In this paper, we investigate the resource allocation problem in time-varying heterogeneous wireless networks (HetNet) with multi-homing user equipments (UE). The stochastic optimization model is employed to maximize the network utility, which is defined as the difference between the HetNet's throughput and the total energy consumption cost. In harmony with the hierarchical architecture of HetNet, the problem of stochastic optimization of resource allocation is decomposed into two subproblems by the Lyapunov optimization theory, associated with the flow control in transport layer and the power allocation in physical (PHY) layer, respectively. For avoiding the signaling overhead, outdated dynamic information, and scalability issues, the distributed resource allocation method is developed for solving the two subproblems based on the primal-dual decomposition theory.

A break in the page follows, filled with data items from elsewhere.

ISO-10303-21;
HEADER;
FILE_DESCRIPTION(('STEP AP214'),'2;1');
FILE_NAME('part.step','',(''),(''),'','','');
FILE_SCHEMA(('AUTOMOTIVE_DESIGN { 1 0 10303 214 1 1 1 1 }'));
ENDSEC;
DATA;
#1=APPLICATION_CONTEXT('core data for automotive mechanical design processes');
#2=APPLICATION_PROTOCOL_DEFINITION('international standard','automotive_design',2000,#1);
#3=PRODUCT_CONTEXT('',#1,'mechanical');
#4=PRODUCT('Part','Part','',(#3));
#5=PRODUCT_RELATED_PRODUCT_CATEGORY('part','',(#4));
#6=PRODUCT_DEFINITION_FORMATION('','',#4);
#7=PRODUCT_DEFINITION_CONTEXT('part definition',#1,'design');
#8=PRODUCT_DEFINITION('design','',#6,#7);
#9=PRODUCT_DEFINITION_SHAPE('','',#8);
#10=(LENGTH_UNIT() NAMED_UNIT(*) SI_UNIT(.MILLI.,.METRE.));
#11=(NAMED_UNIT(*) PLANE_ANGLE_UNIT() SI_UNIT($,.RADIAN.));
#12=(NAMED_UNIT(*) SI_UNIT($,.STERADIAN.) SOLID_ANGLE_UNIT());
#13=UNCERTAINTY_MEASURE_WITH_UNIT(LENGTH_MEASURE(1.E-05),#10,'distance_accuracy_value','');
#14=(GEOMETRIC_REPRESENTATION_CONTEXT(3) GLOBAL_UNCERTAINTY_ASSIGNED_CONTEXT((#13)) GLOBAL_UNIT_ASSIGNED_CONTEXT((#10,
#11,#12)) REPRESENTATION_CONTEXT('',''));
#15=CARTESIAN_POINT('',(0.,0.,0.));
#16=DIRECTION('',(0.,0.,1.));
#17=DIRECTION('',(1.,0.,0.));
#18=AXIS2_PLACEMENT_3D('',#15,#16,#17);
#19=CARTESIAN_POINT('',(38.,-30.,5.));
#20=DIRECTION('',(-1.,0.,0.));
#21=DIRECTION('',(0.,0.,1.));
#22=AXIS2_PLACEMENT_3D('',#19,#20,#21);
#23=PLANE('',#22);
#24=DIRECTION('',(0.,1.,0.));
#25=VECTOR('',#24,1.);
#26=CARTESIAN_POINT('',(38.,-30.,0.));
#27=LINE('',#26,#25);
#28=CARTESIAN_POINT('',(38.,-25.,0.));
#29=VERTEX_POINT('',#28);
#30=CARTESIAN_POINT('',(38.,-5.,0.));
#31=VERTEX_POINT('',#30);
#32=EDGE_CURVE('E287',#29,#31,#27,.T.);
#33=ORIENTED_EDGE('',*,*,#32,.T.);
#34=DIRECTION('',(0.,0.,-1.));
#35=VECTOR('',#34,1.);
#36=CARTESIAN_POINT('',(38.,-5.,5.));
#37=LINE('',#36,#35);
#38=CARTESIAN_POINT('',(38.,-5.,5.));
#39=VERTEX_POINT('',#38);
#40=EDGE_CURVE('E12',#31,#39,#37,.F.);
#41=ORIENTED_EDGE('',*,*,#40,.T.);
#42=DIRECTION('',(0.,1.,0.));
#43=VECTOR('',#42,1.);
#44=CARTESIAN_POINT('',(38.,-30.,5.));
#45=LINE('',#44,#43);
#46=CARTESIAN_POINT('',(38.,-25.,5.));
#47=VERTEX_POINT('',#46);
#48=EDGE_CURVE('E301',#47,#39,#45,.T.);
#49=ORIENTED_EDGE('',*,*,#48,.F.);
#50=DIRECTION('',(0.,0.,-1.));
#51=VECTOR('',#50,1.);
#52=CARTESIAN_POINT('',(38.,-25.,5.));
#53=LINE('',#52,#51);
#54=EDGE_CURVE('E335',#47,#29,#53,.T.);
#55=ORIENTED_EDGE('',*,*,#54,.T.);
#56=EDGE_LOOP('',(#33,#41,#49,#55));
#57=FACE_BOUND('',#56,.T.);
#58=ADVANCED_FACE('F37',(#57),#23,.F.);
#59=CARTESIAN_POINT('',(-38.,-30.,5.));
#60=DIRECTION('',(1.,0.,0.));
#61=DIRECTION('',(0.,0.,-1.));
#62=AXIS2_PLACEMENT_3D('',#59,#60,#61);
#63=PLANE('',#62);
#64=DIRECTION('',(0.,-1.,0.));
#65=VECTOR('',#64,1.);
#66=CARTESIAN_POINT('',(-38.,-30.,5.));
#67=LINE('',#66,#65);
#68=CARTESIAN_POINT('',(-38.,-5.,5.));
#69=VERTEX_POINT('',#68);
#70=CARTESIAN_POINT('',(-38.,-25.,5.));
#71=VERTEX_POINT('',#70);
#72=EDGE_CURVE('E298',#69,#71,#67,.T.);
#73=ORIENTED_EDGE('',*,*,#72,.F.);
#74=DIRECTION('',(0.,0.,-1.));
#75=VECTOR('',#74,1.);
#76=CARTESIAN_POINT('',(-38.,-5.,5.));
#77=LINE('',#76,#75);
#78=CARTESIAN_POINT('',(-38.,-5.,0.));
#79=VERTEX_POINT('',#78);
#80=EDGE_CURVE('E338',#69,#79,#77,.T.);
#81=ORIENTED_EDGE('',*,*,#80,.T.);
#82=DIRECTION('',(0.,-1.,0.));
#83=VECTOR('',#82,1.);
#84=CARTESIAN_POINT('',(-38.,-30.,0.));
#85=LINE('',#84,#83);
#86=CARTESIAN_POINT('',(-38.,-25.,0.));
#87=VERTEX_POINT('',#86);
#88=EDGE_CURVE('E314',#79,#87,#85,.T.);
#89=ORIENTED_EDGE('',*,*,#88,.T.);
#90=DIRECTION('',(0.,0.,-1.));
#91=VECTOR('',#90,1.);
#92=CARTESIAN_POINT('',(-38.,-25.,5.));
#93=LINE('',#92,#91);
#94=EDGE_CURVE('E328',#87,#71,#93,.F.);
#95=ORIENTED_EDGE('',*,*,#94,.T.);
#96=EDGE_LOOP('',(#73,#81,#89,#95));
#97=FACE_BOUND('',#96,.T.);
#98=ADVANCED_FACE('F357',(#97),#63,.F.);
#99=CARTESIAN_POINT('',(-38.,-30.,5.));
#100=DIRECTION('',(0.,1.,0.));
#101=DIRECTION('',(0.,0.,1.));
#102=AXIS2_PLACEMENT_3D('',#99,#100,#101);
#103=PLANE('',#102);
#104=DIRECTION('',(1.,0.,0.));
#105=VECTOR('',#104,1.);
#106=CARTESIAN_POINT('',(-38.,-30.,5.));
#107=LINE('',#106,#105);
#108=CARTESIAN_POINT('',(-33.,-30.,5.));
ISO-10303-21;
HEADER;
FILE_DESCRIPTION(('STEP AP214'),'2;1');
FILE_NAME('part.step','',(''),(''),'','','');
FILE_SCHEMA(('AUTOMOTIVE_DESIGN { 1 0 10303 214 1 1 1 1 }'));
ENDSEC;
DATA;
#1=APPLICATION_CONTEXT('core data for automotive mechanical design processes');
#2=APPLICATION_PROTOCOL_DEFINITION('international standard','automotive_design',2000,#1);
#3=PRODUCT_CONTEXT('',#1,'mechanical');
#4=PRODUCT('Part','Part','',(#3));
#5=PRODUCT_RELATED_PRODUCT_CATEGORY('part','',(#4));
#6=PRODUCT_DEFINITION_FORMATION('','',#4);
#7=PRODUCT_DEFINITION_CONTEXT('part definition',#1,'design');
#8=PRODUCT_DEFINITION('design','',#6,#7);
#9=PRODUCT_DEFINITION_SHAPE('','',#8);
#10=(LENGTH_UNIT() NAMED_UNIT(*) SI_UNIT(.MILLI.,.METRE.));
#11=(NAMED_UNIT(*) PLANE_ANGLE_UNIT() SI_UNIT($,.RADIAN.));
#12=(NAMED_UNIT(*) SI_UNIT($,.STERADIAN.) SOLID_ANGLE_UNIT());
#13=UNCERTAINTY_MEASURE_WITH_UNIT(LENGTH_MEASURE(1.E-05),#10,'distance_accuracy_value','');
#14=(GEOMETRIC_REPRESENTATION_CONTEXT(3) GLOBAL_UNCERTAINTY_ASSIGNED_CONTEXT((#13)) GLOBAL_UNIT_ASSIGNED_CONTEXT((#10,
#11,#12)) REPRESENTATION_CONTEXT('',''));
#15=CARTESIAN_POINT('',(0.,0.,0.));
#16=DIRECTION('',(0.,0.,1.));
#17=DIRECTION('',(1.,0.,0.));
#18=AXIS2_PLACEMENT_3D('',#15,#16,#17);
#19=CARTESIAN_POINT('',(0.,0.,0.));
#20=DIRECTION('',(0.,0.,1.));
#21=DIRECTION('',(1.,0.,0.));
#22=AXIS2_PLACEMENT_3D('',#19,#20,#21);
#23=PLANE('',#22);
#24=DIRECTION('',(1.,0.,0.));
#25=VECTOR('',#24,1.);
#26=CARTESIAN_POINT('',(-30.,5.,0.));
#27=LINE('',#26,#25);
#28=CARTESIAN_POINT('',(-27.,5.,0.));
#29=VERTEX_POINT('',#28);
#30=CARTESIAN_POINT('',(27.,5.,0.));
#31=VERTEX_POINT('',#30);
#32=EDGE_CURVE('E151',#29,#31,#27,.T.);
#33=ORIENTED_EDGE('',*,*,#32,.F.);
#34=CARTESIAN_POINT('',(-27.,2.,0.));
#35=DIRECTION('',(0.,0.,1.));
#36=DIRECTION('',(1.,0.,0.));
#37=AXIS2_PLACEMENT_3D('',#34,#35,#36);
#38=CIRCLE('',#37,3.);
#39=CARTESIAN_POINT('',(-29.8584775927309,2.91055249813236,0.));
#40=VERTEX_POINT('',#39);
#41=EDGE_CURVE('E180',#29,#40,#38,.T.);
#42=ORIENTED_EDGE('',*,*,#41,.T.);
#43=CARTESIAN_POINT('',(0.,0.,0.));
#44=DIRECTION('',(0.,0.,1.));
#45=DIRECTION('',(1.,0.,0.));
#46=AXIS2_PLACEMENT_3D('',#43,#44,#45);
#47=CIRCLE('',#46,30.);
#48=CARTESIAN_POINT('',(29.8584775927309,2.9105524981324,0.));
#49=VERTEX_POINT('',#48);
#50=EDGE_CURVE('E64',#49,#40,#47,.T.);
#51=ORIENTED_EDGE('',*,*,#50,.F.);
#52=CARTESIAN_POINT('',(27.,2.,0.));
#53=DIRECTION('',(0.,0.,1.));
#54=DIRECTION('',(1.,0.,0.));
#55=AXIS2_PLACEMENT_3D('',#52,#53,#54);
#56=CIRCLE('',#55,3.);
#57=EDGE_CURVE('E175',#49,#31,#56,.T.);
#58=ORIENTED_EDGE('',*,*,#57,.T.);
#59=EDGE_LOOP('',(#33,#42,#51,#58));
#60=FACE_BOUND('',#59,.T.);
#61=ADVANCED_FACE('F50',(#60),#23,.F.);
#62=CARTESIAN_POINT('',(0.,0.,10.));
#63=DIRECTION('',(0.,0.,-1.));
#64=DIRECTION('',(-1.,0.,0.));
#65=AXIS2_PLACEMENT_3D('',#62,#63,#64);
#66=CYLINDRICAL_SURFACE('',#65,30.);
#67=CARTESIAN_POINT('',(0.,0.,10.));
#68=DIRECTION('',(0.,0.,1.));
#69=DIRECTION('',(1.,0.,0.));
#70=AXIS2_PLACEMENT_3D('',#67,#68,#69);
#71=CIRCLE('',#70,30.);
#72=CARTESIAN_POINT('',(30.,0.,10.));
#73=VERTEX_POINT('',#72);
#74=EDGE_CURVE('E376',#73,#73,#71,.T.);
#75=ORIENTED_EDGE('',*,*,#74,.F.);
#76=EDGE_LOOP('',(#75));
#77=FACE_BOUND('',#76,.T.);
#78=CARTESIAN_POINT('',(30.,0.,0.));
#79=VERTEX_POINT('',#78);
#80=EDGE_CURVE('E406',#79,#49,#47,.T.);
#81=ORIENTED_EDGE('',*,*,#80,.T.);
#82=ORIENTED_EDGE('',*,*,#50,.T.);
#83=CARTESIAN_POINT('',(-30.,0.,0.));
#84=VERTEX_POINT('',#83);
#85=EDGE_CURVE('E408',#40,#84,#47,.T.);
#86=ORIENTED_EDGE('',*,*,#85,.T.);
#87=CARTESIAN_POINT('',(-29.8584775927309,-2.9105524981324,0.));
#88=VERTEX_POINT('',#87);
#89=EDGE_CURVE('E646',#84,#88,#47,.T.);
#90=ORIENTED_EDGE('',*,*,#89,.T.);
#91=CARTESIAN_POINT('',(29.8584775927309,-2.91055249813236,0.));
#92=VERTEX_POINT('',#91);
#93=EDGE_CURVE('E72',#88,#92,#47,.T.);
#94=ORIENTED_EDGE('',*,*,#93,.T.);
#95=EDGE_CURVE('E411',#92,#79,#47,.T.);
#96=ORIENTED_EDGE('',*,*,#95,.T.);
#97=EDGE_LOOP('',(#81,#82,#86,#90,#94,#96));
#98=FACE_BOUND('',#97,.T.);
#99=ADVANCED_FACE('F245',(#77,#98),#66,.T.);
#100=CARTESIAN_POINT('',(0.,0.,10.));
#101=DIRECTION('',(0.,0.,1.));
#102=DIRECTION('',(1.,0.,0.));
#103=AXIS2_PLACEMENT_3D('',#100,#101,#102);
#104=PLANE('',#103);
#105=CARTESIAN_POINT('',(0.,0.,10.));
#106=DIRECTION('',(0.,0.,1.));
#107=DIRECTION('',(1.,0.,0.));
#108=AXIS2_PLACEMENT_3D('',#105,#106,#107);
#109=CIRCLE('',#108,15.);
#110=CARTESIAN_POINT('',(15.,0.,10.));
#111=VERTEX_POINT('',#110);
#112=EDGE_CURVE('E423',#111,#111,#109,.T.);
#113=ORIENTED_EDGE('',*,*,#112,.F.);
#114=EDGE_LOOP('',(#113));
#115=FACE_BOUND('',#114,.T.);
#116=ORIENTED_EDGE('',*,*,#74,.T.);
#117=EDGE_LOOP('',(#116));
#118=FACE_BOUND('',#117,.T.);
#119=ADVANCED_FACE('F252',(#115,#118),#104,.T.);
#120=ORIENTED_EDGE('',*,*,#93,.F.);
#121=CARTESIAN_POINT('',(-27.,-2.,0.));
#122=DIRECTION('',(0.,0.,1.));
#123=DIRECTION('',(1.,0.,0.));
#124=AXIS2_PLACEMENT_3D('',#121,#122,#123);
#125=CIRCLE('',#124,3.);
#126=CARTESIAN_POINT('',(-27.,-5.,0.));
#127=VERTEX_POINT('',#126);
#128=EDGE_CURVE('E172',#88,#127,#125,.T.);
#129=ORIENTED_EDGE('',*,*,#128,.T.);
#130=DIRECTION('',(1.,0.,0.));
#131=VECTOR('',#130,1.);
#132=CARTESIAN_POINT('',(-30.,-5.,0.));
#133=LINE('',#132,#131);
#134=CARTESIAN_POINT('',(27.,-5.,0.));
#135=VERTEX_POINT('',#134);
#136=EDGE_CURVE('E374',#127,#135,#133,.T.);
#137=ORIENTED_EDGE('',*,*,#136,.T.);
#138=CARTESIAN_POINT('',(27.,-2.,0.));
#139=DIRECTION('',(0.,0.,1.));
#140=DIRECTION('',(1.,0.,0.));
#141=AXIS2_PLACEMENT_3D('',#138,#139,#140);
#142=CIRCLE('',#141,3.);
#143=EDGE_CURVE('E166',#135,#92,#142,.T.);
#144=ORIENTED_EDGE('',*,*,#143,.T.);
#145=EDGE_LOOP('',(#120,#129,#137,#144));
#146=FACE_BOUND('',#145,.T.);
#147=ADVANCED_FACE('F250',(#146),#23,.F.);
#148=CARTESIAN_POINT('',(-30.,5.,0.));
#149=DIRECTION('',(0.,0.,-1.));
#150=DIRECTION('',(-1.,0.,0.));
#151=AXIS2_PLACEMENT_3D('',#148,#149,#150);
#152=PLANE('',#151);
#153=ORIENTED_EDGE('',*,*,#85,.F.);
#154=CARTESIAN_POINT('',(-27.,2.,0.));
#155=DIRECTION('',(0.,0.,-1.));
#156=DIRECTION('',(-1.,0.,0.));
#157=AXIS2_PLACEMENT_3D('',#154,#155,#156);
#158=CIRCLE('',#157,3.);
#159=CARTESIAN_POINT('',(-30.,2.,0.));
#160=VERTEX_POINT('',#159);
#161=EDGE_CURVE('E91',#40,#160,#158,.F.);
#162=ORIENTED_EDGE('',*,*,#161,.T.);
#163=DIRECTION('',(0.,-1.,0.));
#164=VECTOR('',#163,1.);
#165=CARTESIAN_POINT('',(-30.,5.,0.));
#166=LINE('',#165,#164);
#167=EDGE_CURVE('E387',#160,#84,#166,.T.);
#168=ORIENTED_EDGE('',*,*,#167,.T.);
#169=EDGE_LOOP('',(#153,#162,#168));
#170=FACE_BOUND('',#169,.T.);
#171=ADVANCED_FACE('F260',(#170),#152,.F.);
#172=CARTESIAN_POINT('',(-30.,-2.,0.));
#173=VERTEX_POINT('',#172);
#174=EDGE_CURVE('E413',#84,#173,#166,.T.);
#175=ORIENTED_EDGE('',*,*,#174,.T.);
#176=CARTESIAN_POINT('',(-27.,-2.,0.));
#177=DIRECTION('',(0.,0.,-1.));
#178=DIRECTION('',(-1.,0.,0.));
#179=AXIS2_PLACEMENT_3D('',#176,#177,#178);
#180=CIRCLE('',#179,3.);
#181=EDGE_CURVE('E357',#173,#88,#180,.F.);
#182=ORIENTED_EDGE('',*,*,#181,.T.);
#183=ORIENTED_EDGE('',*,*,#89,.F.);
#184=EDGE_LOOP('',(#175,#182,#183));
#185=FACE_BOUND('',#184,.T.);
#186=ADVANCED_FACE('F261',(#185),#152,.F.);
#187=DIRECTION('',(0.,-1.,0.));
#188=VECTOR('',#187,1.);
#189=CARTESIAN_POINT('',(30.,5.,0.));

After that, the adaptive resource allocation algorithm is developed to accommodate the timevarying wireless network only according to the current network state information, i.e. the queue state information (QSI) at radio access networks (RAN) and the channel state information (CSI) of RANs-UE links. The tradeoff between network utility and delay is derived, where the increase of delay is approximately linear in V and the increase of network utility is at the speed of 1/V with a control parameter V. Extensive simulations are presented to show the effectiveness of our proposed scheme.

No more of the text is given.